ABOUT THIS TASK ::
Output exactly the line that includes "arc A82 (-5.8302, 6.2183)" and all the lines after it through the end of the listing below, and nothing more.

DATA SUPPLIED ::
----------------

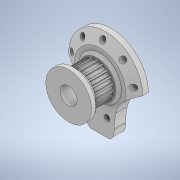
# Autodesk Inventor part: bone_upper_wheel_1
Saved by Autodesk Inventor 2020 (Build 240168000, 168)
## iProperties
Created: 2019-05-05
Part Number: bone_upper_wheel_1
Material: Generic
Document SubType Name: Modeling
Designer: psrob
Density: 1 g/cm^3
Appearance: Default
Author: psrob
Autodesk Inventor part; units mm, degrees
ref_plane "YZ Plane" through (0, 0, 0) normal (1, 0, 0) x (0, 1, 0)
ref_plane "XZ Plane" through (0, 0, 0) normal (0, 1, 0) x (-1, 0, 0)
ref_plane "XY Plane" through (0, 0, 0) normal (0, 0, 1) x (1, 0, 0)
sketch "Sketch1" plane through (0, 0, 0) normal (0, 0, 1) x (1, 0, 0)
  circle A0 centre (0, 18.5) radius 1 projected
  circle A1 centre (7.0707, 15.9265) radius 1 projected
  circle A2 centre (-7.0707, 15.9265) radius 1 projected
  circle A3 centre (10.8329, 9.4101) radius 1 projected
  circle A4 centre (-10.8329, 9.4101) radius 1 projected
  circle A5 centre (0, 7.5) radius 5 projected
  ellipse E0 centre (3, -5.8944) end of major axis (3, -9.5) minor radius 2 (3, -9.5) -> (5, -5.8944) ccw projected
  line L0 (5, -5.8944) -> (5, -5.5) projected
  arc A6 (5.5977, -0.4461) -> (5, -5.5) centre (26.6667, -5.5) ccw projected
  arc A7 (10.155, 5.7831) -> (5.5977, -0.4461) centre (15.3218, -2.7787) ccw projected
  line L1 (10.155, 5.7831) -> (13, 7.5) projected
  arc A8 (13, 7.5) -> (-13, 7.5) centre (0, 7.5) ccw projected
  line L2 (-13, 7.5) -> (-10.155, 5.7831) projected
  arc A9 (-5.5977, -0.4461) -> (-10.155, 5.7831) centre (-15.3218, -2.7787) ccw projected
  arc A10 (-5, -5.5) -> (-5.5977, -0.4461) centre (-26.6667, -5.5) ccw projected
  line L3 (-5, -5.5) -> (-5, -5.8944) projected
  ellipse E1 centre (-3, -5.8944) end of major axis (-3, -9.5) minor radius 2 (-5, -5.8944) -> (-3, -9.5) ccw projected
  line L4 (-3, -9.5) -> (3, -9.5) projected
  circle A11 centre (-2.5, -3.5) radius 1 projected
  circle A12 centre (2.5, -3.5) radius 1 projected
  point P0 (0, 0)
  constraints: 2 other
extrude "Extrusion1" add sketch "Sketch1" along normal blind 4 contours A5 | L4 E1 L3 A10 A9 L2 A8 L1 A7 A6 L0 E0
sketch "Sketch2" plane through (0, 0, 4) normal (0, 0, 1) x (1, 0, 0)
  circle A0 centre (0, 7.5) radius 3 projected
  circle A1 centre (0, 7.5) radius 3
  point P0 (0, 0)
  dimension "d2" = 6
  constraints: 1 centre point, 1 coincident
  measures "d2" diameter of A1
extrude "Extrusion2" cut sketch "Sketch2" against normal blind 3
sketch "Sketch3" plane through (0, 0, 4) normal (0, 0, 1) x (1, 0, 0)
  circle A0 centre (0, 7.5) radius 2.5 projected
  arc A1 (3.5741, 2.5417) -> (3.6111, 2.7467) centre (3.4864, 2.6633) ccw projected
  arc A2 (3.4957, 2.9808) -> (3.6111, 2.7467) centre (4.4426, 3.3021) ccw projected
  arc A3 (4.2392, 3.6696) -> (3.4957, 2.9808) centre (4.0212, 3.1591) ccw projected
  arc A4 (4.4638, 3.5366) -> (4.2392, 3.6696) centre (3.8465, 2.7499) ccw projected
  arc A5 (4.4638, 3.5366) -> (4.671, 3.5579) centre (4.5564, 3.6546) ccw projected
  arc A6 (4.671, 3.5579) -> (4.9313, 3.8888) centre (0, 7.5) ccw projected
  arc A7 (4.9313, 3.8888) -> (4.9032, 4.0952) centre (4.8103, 3.9774) ccw projected
  arc A8 (4.7211, 4.2822) -> (4.9032, 4.0952) centre (5.5224, 4.8804) ccw projected
  arc A9 (5.2154, 5.167) -> (4.7211, 4.2822) centre (5.1658, 4.6142) ccw projected
  arc A10 (5.4701, 5.11) -> (5.2154, 5.167) centre (5.1261, 4.171) ccw projected
  arc A11 (5.4701, 5.11) -> (5.6606, 5.1942) centre (5.5217, 5.2508) ccw projected
  arc A12 (5.6606, 5.1942) -> (5.8059, 5.5894) centre (0, 7.5) ccw projected
  arc A13 (5.8059, 5.5894) -> (5.7154, 5.777) centre (5.6634, 5.6363) ccw projected
  arc A14 (5.4844, 5.8986) -> (5.7154, 5.777) centre (6.0616, 6.7152) ccw projected
  arc A15 (5.681, 6.8928) -> (5.4844, 5.8986) centre (5.8047, 6.3518) ccw projected
  arc A16 (5.9409, 6.9173) -> (5.681, 6.8928) centre (5.9039, 5.918) ccw projected
  arc A17 (5.9409, 6.9173) -> (6.0961, 7.0563) centre (5.9465, 7.0672) ccw projected
  arc A18 (6.0961, 7.0563) -> (6.1122, 7.477) centre (0, 7.5) ccw projected
  arc A19 (6.1122, 7.477) -> (5.9681, 7.6275) centre (5.9622, 7.4776) ccw projected
  arc A20 (5.7108, 7.6717) -> (5.9681, 7.6275) centre (6.0075, 8.6267) ccw projected
  arc A21 (5.5906, 8.6781) -> (5.7108, 7.6717) centre (5.8754, 8.2017) ccw projected
  arc A22 (5.8302, 8.7817) -> (5.5906, 8.6781) centre (6.1038, 7.8198) ccw projected
  arc A23 (5.8302, 8.7817) -> (5.9348, 8.9618) centre (5.7892, 8.9259) ccw projected
  arc A24 (5.9348, 8.9618) -> (5.8201, 9.3669) centre (0, 7.5) ccw projected
  arc A25 (5.8201, 9.3669) -> (5.6366, 9.4655) centre (5.6773, 9.3211) ccw projected
  arc A26 (5.3782, 9.4281) -> (5.6366, 9.4655) centre (5.3653, 10.428) ccw projected
  arc A27 (4.9529, 10.348) -> (5.3782, 9.4281) centre (5.371, 9.983) ccw projected
  arc A28 (5.1488, 10.5206) -> (4.9529, 10.348) centre (5.7063, 9.6904) ccw projected
  arc A29 (5.1488, 10.5206) -> (5.1926, 10.7242) centre (5.0652, 10.6451) ccw projected
  arc A30 (5.1926, 10.7242) -> (4.9583, 11.0741) centre (0, 7.5) ccw projected
  arc A31 (4.9583, 11.0741) -> (4.7533, 11.1111) centre (4.8367, 10.9864) ccw projected
  arc A32 (4.5192, 10.9957) -> (4.7533, 11.1111) centre (4.1979, 11.9426) ccw projected
  arc A33 (3.8304, 11.7392) -> (4.5192, 10.9957) centre (4.3409, 11.5212) ccw projected
  arc A34 (3.9634, 11.9638) -> (3.8304, 11.7392) centre (4.7501, 11.3465) ccw projected
  arc A35 (3.9634, 11.9638) -> (3.9421, 12.171) centre (3.8454, 12.0564) ccw projected
  arc A36 (3.9421, 12.171) -> (3.6112, 12.4313) centre (0, 7.5) ccw projected
  arc A37 (3.6112, 12.4313) -> (3.4048, 12.4032) centre (3.5226, 12.3103) ccw projected
  arc A38 (3.2178, 12.2211) -> (3.4048, 12.4032) centre (2.6196, 13.0224) ccw projected
  arc A39 (2.333, 12.7154) -> (3.2178, 12.2211) centre (2.8858, 12.6658) ccw projected
  arc A40 (2.39, 12.9701) -> (2.333, 12.7154) centre (3.329, 12.6261) ccw projected
  arc A41 (2.39, 12.9701) -> (2.3058, 13.1606) centre (2.2492, 13.0217) ccw projected
  arc A42 (2.3058, 13.1606) -> (1.9106, 13.3059) centre (0, 7.5) ccw projected
  arc A43 (1.9106, 13.3059) -> (1.723, 13.2154) centre (1.8637, 13.1634) ccw projected
  arc A44 (1.6014, 12.9844) -> (1.723, 13.2154) centre (0.7848, 13.5616) ccw projected
  arc A45 (0.6072, 13.181) -> (1.6014, 12.9844) centre (1.1482, 13.3047) ccw projected
  arc A46 (0.5827, 13.4409) -> (0.6072, 13.181) centre (1.582, 13.4039) ccw projected
  arc A47 (0.5827, 13.4409) -> (0.4437, 13.5961) centre (0.4328, 13.4465) ccw projected
  arc A48 (0.4437, 13.5961) -> (0.023, 13.6122) centre (0, 7.5) ccw projected
  arc A49 (0.023, 13.6122) -> (-0.1275, 13.4681) centre (0.0224, 13.4622) ccw projected
  arc A50 (-0.1717, 13.2108) -> (-0.1275, 13.4681) centre (-1.1267, 13.5075) ccw projected
  arc A51 (-1.1781, 13.0906) -> (-0.1717, 13.2108) centre (-0.7017, 13.3754) ccw projected
  arc A52 (-1.2817, 13.3302) -> (-1.1781, 13.0906) centre (-0.3198, 13.6038) ccw projected
  arc A53 (-1.2817, 13.3302) -> (-1.4618, 13.4348) centre (-1.4259, 13.2892) ccw projected
  arc A54 (-1.4618, 13.4348) -> (-1.8669, 13.3201) centre (0, 7.5) ccw projected
  arc A55 (-1.8669, 13.3201) -> (-1.9655, 13.1366) centre (-1.8211, 13.1773) ccw projected
  arc A56 (-1.9281, 12.8782) -> (-1.9655, 13.1366) centre (-2.928, 12.8653) ccw projected
  arc A57 (-2.848, 12.4529) -> (-1.9281, 12.8782) centre (-2.483, 12.871) ccw projected
  arc A58 (-3.0206, 12.6488) -> (-2.848, 12.4529) centre (-2.1904, 13.2063) ccw projected
  arc A59 (-3.0206, 12.6488) -> (-3.2242, 12.6926) centre (-3.1451, 12.5652) ccw projected
  arc A60 (-3.2242, 12.6926) -> (-3.5741, 12.4583) centre (0, 7.5) ccw projected
  arc A61 (-3.5741, 12.4583) -> (-3.6111, 12.2533) centre (-3.4864, 12.3367) ccw projected
  arc A62 (-3.4957, 12.0192) -> (-3.6111, 12.2533) centre (-4.4426, 11.6979) ccw projected
  arc A63 (-4.2392, 11.3304) -> (-3.4957, 12.0192) centre (-4.0212, 11.8409) ccw projected
  arc A64 (-4.4638, 11.4634) -> (-4.2392, 11.3304) centre (-3.8465, 12.2501) ccw projected
  arc A65 (-4.4638, 11.4634) -> (-4.671, 11.4421) centre (-4.5564, 11.3454) ccw projected
  arc A66 (-4.671, 11.4421) -> (-4.9313, 11.1112) centre (0, 7.5) ccw projected
  arc A67 (-4.9313, 11.1112) -> (-4.9032, 10.9048) centre (-4.8103, 11.0226) ccw projected
  arc A68 (-4.7211, 10.7178) -> (-4.9032, 10.9048) centre (-5.5224, 10.1196) ccw projected
  arc A69 (-5.2154, 9.833) -> (-4.7211, 10.7178) centre (-5.1658, 10.3858) ccw projected
  arc A70 (-5.4701, 9.89) -> (-5.2154, 9.833) centre (-5.1261, 10.829) ccw projected
  arc A71 (-5.4701, 9.89) -> (-5.6606, 9.8058) centre (-5.5217, 9.7492) ccw projected
  arc A72 (-5.6606, 9.8058) -> (-5.8059, 9.4106) centre (0, 7.5) ccw projected
  arc A73 (-5.8059, 9.4106) -> (-5.7154, 9.223) centre (-5.6634, 9.3637) ccw projected
  arc A74 (-5.4844, 9.1014) -> (-5.7154, 9.223) centre (-6.0616, 8.2848) ccw projected
  arc A75 (-5.681, 8.1072) -> (-5.4844, 9.1014) centre (-5.8047, 8.6482) ccw projected
  arc A76 (-5.9409, 8.0827) -> (-5.681, 8.1072) centre (-5.9039, 9.082) ccw projected
  arc A77 (-5.9409, 8.0827) -> (-6.0961, 7.9437) centre (-5.9465, 7.9328) ccw projected
  arc A78 (-6.0961, 7.9437) -> (-6.1122, 7.523) centre (0, 7.5) ccw projected
  arc A79 (-6.1122, 7.523) -> (-5.9681, 7.3725) centre (-5.9622, 7.5224) ccw projected
  arc A80 (-5.7108, 7.3283) -> (-5.9681, 7.3725) centre (-6.0075, 6.3733) ccw projected
  arc A81 (-5.5906, 6.3219) -> (-5.7108, 7.3283) centre (-5.8754, 6.7983) ccw projected
  arc A82 (-5.8302, 6.2183) -> (-5.5906, 6.3219) centre (-6.1038, 7.1802) ccw projected
  arc A83 (-5.8302, 6.2183) -> (-5.9348, 6.0382) centre (-5.7892, 6.0741) ccw projected
  arc A84 (-5.9348, 6.0382) -> (-5.8201, 5.6331) centre (0, 7.5) ccw projected
  arc A85 (-5.8201, 5.6331) -> (-5.6366, 5.5345) centre (-5.6773, 5.6789) ccw projected
  arc A86 (-5.3782, 5.5719) -> (-5.6366, 5.5345) centre (-5.3653, 4.572) ccw projected
  arc A87 (-4.9529, 4.652) -> (-5.3782, 5.5719) centre (-5.371, 5.017) ccw projected
  arc A88 (-5.1488, 4.4794) -> (-4.9529, 4.652) centre (-5.7063, 5.3096) ccw projected
  arc A89 (-5.1488, 4.4794) -> (-5.1926, 4.2758) centre (-5.0652, 4.3549) ccw projected
  arc A90 (-5.1926, 4.2758) -> (-4.9583, 3.9259) centre (0, 7.5) ccw projected
  arc A91 (-4.9583, 3.9259) -> (-4.7533, 3.8889) centre (-4.8367, 4.0136) ccw projected
  arc A92 (-4.5192, 4.0043) -> (-4.7533, 3.8889) centre (-4.1979, 3.0574) ccw projected
  arc A93 (-3.8304, 3.2608) -> (-4.5192, 4.0043) centre (-4.3409, 3.4788) ccw projected
  arc A94 (-3.9634, 3.0362) -> (-3.8304, 3.2608) centre (-4.7501, 3.6535) ccw projected
  arc A95 (-3.9634, 3.0362) -> (-3.9421, 2.829) centre (-3.8454, 2.9436) ccw projected
  arc A96 (-3.9421, 2.829) -> (-3.6112, 2.5687) centre (0, 7.5) ccw projected
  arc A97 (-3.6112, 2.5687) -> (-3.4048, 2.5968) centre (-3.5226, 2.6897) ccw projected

----------------

WRITTEN SOLUTION ::
  arc A82 (-5.8302, 6.2183) -> (-5.5906, 6.3219) centre (-6.1038, 7.1802) ccw projected
  arc A83 (-5.8302, 6.2183) -> (-5.9348, 6.0382) centre (-5.7892, 6.0741) ccw projected
  arc A84 (-5.9348, 6.0382) -> (-5.8201, 5.6331) centre (0, 7.5) ccw projected
  arc A85 (-5.8201, 5.6331) -> (-5.6366, 5.5345) centre (-5.6773, 5.6789) ccw projected
  arc A86 (-5.3782, 5.5719) -> (-5.6366, 5.5345) centre (-5.3653, 4.572) ccw projected
  arc A87 (-4.9529, 4.652) -> (-5.3782, 5.5719) centre (-5.371, 5.017) ccw projected
  arc A88 (-5.1488, 4.4794) -> (-4.9529, 4.652) centre (-5.7063, 5.3096) ccw projected
  arc A89 (-5.1488, 4.4794) -> (-5.1926, 4.2758) centre (-5.0652, 4.3549) ccw projected
  arc A90 (-5.1926, 4.2758) -> (-4.9583, 3.9259) centre (0, 7.5) ccw projected
  arc A91 (-4.9583, 3.9259) -> (-4.7533, 3.8889) centre (-4.8367, 4.0136) ccw projected
  arc A92 (-4.5192, 4.0043) -> (-4.7533, 3.8889) centre (-4.1979, 3.0574) ccw projected
  arc A93 (-3.8304, 3.2608) -> (-4.5192, 4.0043) centre (-4.3409, 3.4788) ccw projected
  arc A94 (-3.9634, 3.0362) -> (-3.8304, 3.2608) centre (-4.7501, 3.6535) ccw projected
  arc A95 (-3.9634, 3.0362) -> (-3.9421, 2.829) centre (-3.8454, 2.9436) ccw projected
  arc A96 (-3.9421, 2.829) -> (-3.6112, 2.5687) centre (0, 7.5) ccw projected
  arc A97 (-3.6112, 2.5687) -> (-3.4048, 2.5968) centre (-3.5226, 2.6897) ccw projected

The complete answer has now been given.